All of the records must come back exactly as they were given.

→ **Records to process**
____
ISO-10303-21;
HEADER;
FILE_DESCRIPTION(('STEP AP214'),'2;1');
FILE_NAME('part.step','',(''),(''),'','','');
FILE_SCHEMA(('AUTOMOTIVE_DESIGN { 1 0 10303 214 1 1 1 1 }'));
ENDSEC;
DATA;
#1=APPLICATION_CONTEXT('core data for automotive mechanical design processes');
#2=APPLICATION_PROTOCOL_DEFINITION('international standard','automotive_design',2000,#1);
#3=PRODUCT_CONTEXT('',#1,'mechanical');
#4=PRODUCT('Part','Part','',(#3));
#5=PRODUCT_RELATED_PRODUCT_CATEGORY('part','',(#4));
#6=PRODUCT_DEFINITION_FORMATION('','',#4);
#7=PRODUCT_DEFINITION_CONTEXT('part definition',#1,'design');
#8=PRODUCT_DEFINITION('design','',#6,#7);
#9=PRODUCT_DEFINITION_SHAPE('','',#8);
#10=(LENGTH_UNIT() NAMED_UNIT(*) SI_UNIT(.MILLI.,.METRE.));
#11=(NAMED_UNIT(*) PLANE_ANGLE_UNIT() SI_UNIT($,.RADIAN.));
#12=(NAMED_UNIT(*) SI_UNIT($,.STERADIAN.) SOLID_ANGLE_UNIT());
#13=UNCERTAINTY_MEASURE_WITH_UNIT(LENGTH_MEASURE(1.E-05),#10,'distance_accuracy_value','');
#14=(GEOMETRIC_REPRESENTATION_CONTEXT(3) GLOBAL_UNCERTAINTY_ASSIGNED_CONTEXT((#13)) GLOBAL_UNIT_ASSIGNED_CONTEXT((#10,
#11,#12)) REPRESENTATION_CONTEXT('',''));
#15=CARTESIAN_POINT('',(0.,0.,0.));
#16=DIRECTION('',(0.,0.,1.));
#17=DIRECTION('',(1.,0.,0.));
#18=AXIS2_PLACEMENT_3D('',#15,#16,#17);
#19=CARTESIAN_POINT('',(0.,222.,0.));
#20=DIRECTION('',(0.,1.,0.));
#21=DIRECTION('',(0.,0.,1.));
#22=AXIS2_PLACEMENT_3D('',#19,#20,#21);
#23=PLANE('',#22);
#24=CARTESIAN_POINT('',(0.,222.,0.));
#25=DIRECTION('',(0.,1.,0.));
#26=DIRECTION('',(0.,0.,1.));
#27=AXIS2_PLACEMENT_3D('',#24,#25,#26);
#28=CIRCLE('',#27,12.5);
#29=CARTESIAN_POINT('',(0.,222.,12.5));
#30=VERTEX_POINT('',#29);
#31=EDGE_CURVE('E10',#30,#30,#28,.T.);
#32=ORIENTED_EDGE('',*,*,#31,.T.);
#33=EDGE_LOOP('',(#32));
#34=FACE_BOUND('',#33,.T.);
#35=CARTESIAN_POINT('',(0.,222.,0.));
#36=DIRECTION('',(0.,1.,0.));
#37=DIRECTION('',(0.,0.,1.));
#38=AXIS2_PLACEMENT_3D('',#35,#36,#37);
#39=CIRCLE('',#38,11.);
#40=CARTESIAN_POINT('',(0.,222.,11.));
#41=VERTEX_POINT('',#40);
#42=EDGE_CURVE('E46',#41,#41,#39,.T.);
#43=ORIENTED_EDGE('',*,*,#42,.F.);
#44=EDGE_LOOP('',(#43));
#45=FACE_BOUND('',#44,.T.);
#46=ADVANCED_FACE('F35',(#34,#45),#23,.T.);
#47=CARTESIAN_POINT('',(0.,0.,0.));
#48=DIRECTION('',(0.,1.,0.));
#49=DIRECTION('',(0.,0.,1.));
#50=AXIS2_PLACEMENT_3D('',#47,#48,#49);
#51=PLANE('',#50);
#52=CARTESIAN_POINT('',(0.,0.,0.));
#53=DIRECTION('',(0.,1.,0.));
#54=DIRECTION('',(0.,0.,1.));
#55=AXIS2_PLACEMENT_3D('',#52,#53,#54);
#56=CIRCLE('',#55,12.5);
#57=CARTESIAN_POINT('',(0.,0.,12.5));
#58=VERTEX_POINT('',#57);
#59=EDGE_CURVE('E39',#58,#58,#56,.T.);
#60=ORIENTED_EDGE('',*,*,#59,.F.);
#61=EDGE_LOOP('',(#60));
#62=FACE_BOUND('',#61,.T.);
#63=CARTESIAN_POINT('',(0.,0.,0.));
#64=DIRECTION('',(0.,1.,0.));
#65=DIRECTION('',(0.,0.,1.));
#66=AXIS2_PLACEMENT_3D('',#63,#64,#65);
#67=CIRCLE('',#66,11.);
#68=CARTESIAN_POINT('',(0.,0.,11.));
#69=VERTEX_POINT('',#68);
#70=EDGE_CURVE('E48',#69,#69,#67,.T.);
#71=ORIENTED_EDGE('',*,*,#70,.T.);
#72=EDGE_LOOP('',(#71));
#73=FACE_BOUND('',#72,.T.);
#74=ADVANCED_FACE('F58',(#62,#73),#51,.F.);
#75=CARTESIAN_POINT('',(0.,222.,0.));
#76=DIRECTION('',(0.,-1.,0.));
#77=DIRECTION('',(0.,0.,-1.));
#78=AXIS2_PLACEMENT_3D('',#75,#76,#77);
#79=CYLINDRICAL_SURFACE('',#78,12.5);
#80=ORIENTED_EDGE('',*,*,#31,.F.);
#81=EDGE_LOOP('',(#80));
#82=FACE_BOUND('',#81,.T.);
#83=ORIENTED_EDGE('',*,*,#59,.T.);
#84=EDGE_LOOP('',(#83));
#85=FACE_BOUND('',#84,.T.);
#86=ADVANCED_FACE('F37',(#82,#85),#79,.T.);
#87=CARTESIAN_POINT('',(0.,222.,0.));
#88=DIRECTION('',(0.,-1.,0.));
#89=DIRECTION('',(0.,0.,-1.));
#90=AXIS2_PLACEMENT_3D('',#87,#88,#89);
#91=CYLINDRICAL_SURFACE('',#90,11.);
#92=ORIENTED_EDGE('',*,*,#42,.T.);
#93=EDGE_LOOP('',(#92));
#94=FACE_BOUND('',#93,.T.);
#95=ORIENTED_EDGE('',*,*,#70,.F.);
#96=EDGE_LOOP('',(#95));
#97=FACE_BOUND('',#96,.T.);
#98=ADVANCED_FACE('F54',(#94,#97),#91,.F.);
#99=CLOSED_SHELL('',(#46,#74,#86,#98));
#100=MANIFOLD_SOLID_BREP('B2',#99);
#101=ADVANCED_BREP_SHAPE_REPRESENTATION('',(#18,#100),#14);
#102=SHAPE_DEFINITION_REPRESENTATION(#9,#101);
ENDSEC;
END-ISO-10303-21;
____
→ **Exercise solution**
ISO-10303-21;
HEADER;
FILE_DESCRIPTION(('STEP AP214'),'2;1');
FILE_NAME('part.step','',(''),(''),'','','');
FILE_SCHEMA(('AUTOMOTIVE_DESIGN { 1 0 10303 214 1 1 1 1 }'));
ENDSEC;
DATA;
#1=APPLICATION_CONTEXT('core data for automotive mechanical design processes');
#2=APPLICATION_PROTOCOL_DEFINITION('international standard','automotive_design',2000,#1);
#3=PRODUCT_CONTEXT('',#1,'mechanical');
#4=PRODUCT('Part','Part','',(#3));
#5=PRODUCT_RELATED_PRODUCT_CATEGORY('part','',(#4));
#6=PRODUCT_DEFINITION_FORMATION('','',#4);
#7=PRODUCT_DEFINITION_CONTEXT('part definition',#1,'design');
#8=PRODUCT_DEFINITION('design','',#6,#7);
#9=PRODUCT_DEFINITION_SHAPE('','',#8);
#10=(LENGTH_UNIT() NAMED_UNIT(*) SI_UNIT(.MILLI.,.METRE.));
#11=(NAMED_UNIT(*) PLANE_ANGLE_UNIT() SI_UNIT($,.RADIAN.));
#12=(NAMED_UNIT(*) SI_UNIT($,.STERADIAN.) SOLID_ANGLE_UNIT());
#13=UNCERTAINTY_MEASURE_WITH_UNIT(LENGTH_MEASURE(1.E-05),#10,'distance_accuracy_value','');
#14=(GEOMETRIC_REPRESENTATION_CONTEXT(3) GLOBAL_UNCERTAINTY_ASSIGNED_CONTEXT((#13)) GLOBAL_UNIT_ASSIGNED_CONTEXT((#10,
#11,#12)) REPRESENTATION_CONTEXT('',''));
#15=CARTESIAN_POINT('',(0.,0.,0.));
#16=DIRECTION('',(0.,0.,1.));
#17=DIRECTION('',(1.,0.,0.));
#18=AXIS2_PLACEMENT_3D('',#15,#16,#17);
#19=CARTESIAN_POINT('',(0.,222.,0.));
#20=DIRECTION('',(0.,1.,0.));
#21=DIRECTION('',(0.,0.,1.));
#22=AXIS2_PLACEMENT_3D('',#19,#20,#21);
#23=PLANE('',#22);
#24=CARTESIAN_POINT('',(0.,222.,0.));
#25=DIRECTION('',(0.,1.,0.));
#26=DIRECTION('',(0.,0.,1.));
#27=AXIS2_PLACEMENT_3D('',#24,#25,#26);
#28=CIRCLE('',#27,12.5);
#29=CARTESIAN_POINT('',(0.,222.,12.5));
#30=VERTEX_POINT('',#29);
#31=EDGE_CURVE('E10',#30,#30,#28,.T.);
#32=ORIENTED_EDGE('',*,*,#31,.T.);
#33=EDGE_LOOP('',(#32));
#34=FACE_BOUND('',#33,.T.);
#35=CARTESIAN_POINT('',(0.,222.,0.));
#36=DIRECTION('',(0.,1.,0.));
#37=DIRECTION('',(0.,0.,1.));
#38=AXIS2_PLACEMENT_3D('',#35,#36,#37);
#39=CIRCLE('',#38,11.);
#40=CARTESIAN_POINT('',(0.,222.,11.));
#41=VERTEX_POINT('',#40);
#42=EDGE_CURVE('E46',#41,#41,#39,.T.);
#43=ORIENTED_EDGE('',*,*,#42,.F.);
#44=EDGE_LOOP('',(#43));
#45=FACE_BOUND('',#44,.T.);
#46=ADVANCED_FACE('F35',(#34,#45),#23,.T.);
#47=CARTESIAN_POINT('',(0.,0.,0.));
#48=DIRECTION('',(0.,1.,0.));
#49=DIRECTION('',(0.,0.,1.));
#50=AXIS2_PLACEMENT_3D('',#47,#48,#49);
#51=PLANE('',#50);
#52=CARTESIAN_POINT('',(0.,0.,0.));
#53=DIRECTION('',(0.,1.,0.));
#54=DIRECTION('',(0.,0.,1.));
#55=AXIS2_PLACEMENT_3D('',#52,#53,#54);
#56=CIRCLE('',#55,12.5);
#57=CARTESIAN_POINT('',(0.,0.,12.5));
#58=VERTEX_POINT('',#57);
#59=EDGE_CURVE('E39',#58,#58,#56,.T.);
#60=ORIENTED_EDGE('',*,*,#59,.F.);
#61=EDGE_LOOP('',(#60));
#62=FACE_BOUND('',#61,.T.);
#63=CARTESIAN_POINT('',(0.,0.,0.));
#64=DIRECTION('',(0.,1.,0.));
#65=DIRECTION('',(0.,0.,1.));
#66=AXIS2_PLACEMENT_3D('',#63,#64,#65);
#67=CIRCLE('',#66,11.);
#68=CARTESIAN_POINT('',(0.,0.,11.));
#69=VERTEX_POINT('',#68);
#70=EDGE_CURVE('E48',#69,#69,#67,.T.);
#71=ORIENTED_EDGE('',*,*,#70,.T.);
#72=EDGE_LOOP('',(#71));
#73=FACE_BOUND('',#72,.T.);
#74=ADVANCED_FACE('F58',(#62,#73),#51,.F.);
#75=CARTESIAN_POINT('',(0.,222.,0.));
#76=DIRECTION('',(0.,-1.,0.));
#77=DIRECTION('',(0.,0.,-1.));
#78=AXIS2_PLACEMENT_3D('',#75,#76,#77);
#79=CYLINDRICAL_SURFACE('',#78,12.5);
#80=ORIENTED_EDGE('',*,*,#31,.F.);
#81=EDGE_LOOP('',(#80));
#82=FACE_BOUND('',#81,.T.);
#83=ORIENTED_EDGE('',*,*,#59,.T.);
#84=EDGE_LOOP('',(#83));
#85=FACE_BOUND('',#84,.T.);
#86=ADVANCED_FACE('F37',(#82,#85),#79,.T.);
#87=CARTESIAN_POINT('',(0.,222.,0.));
#88=DIRECTION('',(0.,-1.,0.));
#89=DIRECTION('',(0.,0.,-1.));
#90=AXIS2_PLACEMENT_3D('',#87,#88,#89);
#91=CYLINDRICAL_SURFACE('',#90,11.);
#92=ORIENTED_EDGE('',*,*,#42,.T.);
#93=EDGE_LOOP('',(#92));
#94=FACE_BOUND('',#93,.T.);
#95=ORIENTED_EDGE('',*,*,#70,.F.);
#96=EDGE_LOOP('',(#95));
#97=FACE_BOUND('',#96,.T.);
#98=ADVANCED_FACE('F54',(#94,#97),#91,.F.);
#99=CLOSED_SHELL('',(#46,#74,#86,#98));
#100=MANIFOLD_SOLID_BREP('B2',#99);
#101=ADVANCED_BREP_SHAPE_REPRESENTATION('',(#18,#100),#14);
#102=SHAPE_DEFINITION_REPRESENTATION(#9,#101);
ENDSEC;
END-ISO-10303-21;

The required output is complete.